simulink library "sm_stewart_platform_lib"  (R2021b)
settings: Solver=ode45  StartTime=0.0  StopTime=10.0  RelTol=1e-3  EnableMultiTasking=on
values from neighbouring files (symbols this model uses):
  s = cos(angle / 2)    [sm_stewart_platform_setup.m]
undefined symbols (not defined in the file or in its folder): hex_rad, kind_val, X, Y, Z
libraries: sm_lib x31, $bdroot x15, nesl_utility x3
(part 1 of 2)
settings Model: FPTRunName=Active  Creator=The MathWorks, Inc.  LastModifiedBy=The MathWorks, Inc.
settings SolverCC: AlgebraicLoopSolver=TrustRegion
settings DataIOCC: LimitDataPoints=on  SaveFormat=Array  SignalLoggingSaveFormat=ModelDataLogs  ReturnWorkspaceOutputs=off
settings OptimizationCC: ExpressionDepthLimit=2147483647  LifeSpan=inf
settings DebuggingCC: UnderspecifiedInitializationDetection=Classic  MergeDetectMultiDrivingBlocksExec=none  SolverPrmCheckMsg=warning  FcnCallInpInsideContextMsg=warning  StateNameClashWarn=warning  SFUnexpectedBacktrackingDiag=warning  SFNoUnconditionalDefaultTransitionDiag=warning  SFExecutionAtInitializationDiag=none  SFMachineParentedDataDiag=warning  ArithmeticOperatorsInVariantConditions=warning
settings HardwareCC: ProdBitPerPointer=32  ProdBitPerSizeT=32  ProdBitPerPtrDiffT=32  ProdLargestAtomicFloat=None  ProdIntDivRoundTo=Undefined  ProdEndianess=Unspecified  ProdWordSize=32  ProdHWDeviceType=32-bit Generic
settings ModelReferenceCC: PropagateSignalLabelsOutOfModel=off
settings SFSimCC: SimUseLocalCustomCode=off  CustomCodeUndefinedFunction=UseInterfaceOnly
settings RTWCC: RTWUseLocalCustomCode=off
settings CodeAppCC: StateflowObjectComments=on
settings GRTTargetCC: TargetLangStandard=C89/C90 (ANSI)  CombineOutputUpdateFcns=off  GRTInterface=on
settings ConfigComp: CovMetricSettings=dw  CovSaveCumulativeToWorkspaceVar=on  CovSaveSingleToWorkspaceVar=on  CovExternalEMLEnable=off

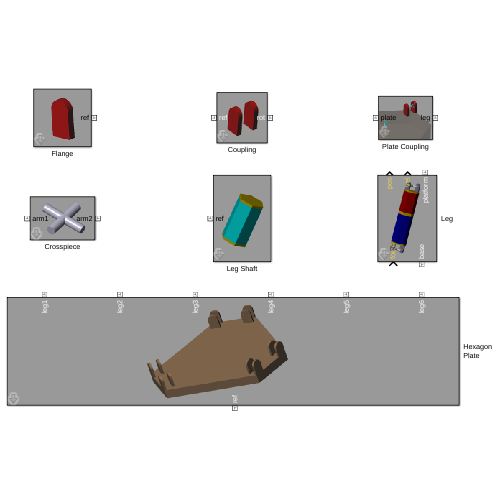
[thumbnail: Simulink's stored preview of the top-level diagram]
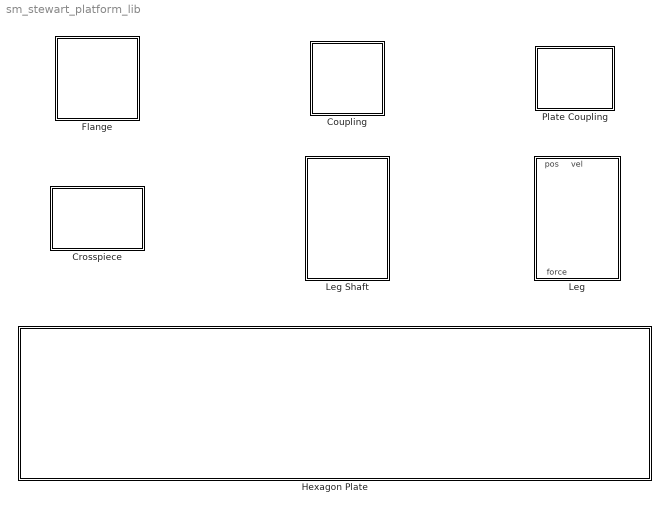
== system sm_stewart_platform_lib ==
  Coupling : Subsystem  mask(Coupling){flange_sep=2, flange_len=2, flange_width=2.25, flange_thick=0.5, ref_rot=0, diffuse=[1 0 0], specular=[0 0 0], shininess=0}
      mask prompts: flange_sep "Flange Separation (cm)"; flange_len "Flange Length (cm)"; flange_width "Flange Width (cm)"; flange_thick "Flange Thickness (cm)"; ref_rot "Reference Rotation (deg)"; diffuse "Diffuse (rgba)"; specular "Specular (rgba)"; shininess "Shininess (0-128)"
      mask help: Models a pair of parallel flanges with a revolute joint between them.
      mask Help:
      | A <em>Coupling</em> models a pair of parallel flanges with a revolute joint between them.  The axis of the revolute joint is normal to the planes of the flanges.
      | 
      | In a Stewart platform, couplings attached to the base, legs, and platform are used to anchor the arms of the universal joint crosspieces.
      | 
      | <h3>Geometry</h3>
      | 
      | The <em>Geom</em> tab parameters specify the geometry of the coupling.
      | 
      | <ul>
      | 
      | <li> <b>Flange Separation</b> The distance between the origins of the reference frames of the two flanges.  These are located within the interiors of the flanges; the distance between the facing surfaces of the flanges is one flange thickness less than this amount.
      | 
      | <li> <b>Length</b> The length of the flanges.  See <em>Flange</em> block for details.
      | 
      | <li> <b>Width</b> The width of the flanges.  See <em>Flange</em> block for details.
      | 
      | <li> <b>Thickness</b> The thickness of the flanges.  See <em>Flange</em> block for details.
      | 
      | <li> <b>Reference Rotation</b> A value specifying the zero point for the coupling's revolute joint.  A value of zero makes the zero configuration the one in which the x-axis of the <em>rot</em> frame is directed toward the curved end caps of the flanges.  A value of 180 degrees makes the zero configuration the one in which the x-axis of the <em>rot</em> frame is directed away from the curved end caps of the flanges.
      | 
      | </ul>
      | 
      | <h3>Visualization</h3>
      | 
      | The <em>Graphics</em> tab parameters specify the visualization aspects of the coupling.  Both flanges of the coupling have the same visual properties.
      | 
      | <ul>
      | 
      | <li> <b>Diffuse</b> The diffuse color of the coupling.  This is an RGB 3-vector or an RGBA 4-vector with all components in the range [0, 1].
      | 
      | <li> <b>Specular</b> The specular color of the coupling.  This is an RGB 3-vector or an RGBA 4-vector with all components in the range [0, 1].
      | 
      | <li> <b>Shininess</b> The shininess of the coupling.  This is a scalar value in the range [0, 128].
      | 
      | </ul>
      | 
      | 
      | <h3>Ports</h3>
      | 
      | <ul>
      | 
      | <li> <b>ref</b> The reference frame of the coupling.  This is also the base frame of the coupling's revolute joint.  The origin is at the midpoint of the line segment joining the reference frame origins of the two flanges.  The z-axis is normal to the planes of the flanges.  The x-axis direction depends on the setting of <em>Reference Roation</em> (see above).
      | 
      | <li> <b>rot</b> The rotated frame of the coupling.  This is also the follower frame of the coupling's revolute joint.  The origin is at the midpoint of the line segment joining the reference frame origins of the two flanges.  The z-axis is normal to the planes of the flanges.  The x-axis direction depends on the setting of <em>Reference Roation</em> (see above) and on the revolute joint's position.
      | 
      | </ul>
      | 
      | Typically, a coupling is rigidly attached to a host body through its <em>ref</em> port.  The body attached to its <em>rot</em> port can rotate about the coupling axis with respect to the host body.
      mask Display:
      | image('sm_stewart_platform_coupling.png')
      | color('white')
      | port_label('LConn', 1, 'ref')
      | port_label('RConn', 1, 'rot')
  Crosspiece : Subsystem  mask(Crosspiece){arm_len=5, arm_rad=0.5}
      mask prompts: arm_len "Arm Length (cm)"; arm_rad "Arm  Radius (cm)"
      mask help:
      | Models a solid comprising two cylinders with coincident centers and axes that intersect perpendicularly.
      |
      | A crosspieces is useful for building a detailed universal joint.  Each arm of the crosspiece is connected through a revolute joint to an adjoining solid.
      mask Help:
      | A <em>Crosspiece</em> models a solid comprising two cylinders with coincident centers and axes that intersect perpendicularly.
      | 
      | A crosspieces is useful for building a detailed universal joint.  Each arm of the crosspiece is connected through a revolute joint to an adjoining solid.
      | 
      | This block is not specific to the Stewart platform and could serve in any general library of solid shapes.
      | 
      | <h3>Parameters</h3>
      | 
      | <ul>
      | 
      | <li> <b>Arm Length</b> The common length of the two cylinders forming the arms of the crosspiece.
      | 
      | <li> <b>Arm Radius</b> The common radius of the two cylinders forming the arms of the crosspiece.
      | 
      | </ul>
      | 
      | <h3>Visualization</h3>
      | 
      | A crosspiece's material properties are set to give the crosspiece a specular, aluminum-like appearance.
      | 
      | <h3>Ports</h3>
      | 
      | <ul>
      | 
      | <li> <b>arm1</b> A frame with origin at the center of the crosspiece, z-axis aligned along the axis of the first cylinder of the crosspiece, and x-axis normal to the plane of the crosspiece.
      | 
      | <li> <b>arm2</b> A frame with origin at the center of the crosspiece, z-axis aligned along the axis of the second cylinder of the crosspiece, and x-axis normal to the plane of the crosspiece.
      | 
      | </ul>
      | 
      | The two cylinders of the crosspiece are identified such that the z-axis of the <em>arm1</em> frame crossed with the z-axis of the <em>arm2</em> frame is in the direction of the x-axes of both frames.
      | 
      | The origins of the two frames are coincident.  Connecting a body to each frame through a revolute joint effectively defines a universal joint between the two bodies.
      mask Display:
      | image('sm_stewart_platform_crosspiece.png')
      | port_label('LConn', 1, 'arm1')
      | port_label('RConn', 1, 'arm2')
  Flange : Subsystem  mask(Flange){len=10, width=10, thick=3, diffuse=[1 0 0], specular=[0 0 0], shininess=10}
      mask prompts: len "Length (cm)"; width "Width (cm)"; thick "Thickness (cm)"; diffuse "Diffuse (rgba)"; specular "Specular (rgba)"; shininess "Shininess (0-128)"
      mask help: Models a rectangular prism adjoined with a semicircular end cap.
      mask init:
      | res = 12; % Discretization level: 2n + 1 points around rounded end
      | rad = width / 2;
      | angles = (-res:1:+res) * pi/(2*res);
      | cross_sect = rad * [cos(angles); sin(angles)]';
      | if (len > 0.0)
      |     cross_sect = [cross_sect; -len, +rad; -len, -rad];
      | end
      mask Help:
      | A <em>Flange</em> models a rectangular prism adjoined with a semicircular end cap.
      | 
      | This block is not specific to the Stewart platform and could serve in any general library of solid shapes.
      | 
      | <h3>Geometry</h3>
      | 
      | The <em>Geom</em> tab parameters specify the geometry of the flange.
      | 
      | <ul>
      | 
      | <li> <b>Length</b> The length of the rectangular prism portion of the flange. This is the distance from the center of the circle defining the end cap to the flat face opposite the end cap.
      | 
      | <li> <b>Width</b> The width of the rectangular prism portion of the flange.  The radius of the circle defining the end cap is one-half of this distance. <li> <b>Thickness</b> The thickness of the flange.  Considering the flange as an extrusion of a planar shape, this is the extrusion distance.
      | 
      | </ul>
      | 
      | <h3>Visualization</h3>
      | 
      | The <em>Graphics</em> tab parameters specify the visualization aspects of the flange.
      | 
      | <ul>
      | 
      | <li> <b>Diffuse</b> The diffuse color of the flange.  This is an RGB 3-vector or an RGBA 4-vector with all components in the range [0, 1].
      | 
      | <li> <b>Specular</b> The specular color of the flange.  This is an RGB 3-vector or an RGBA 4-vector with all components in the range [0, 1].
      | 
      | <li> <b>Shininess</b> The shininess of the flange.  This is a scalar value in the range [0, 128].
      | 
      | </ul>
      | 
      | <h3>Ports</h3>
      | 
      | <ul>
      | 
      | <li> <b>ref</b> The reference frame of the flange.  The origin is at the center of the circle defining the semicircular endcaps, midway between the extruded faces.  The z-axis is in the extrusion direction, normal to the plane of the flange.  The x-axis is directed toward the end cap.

******

- **ACTION ITEM**:
Return every line of the records in which the word "segment" is found.

- **RESULT OF THE TASK**:
      | <li> <b>ref</b> The reference frame of the coupling.  This is also the base frame of the coupling's revolute joint.  The origin is at the midpoint of the line segment joining the reference frame origins of the two flanges.  The z-axis is normal to the planes of the flanges.  The x-axis direction depends on the setting of <em>Reference Roation</em> (see above).
      | <li> <b>rot</b> The rotated frame of the coupling.  This is also the follower frame of the coupling's revolute joint.  The origin is at the midpoint of the line segment joining the reference frame origins of the two flanges.  The z-axis is normal to the planes of the flanges.  The x-axis direction depends on the setting of <em>Reference Roation</em> (see above) and on the revolute joint's position.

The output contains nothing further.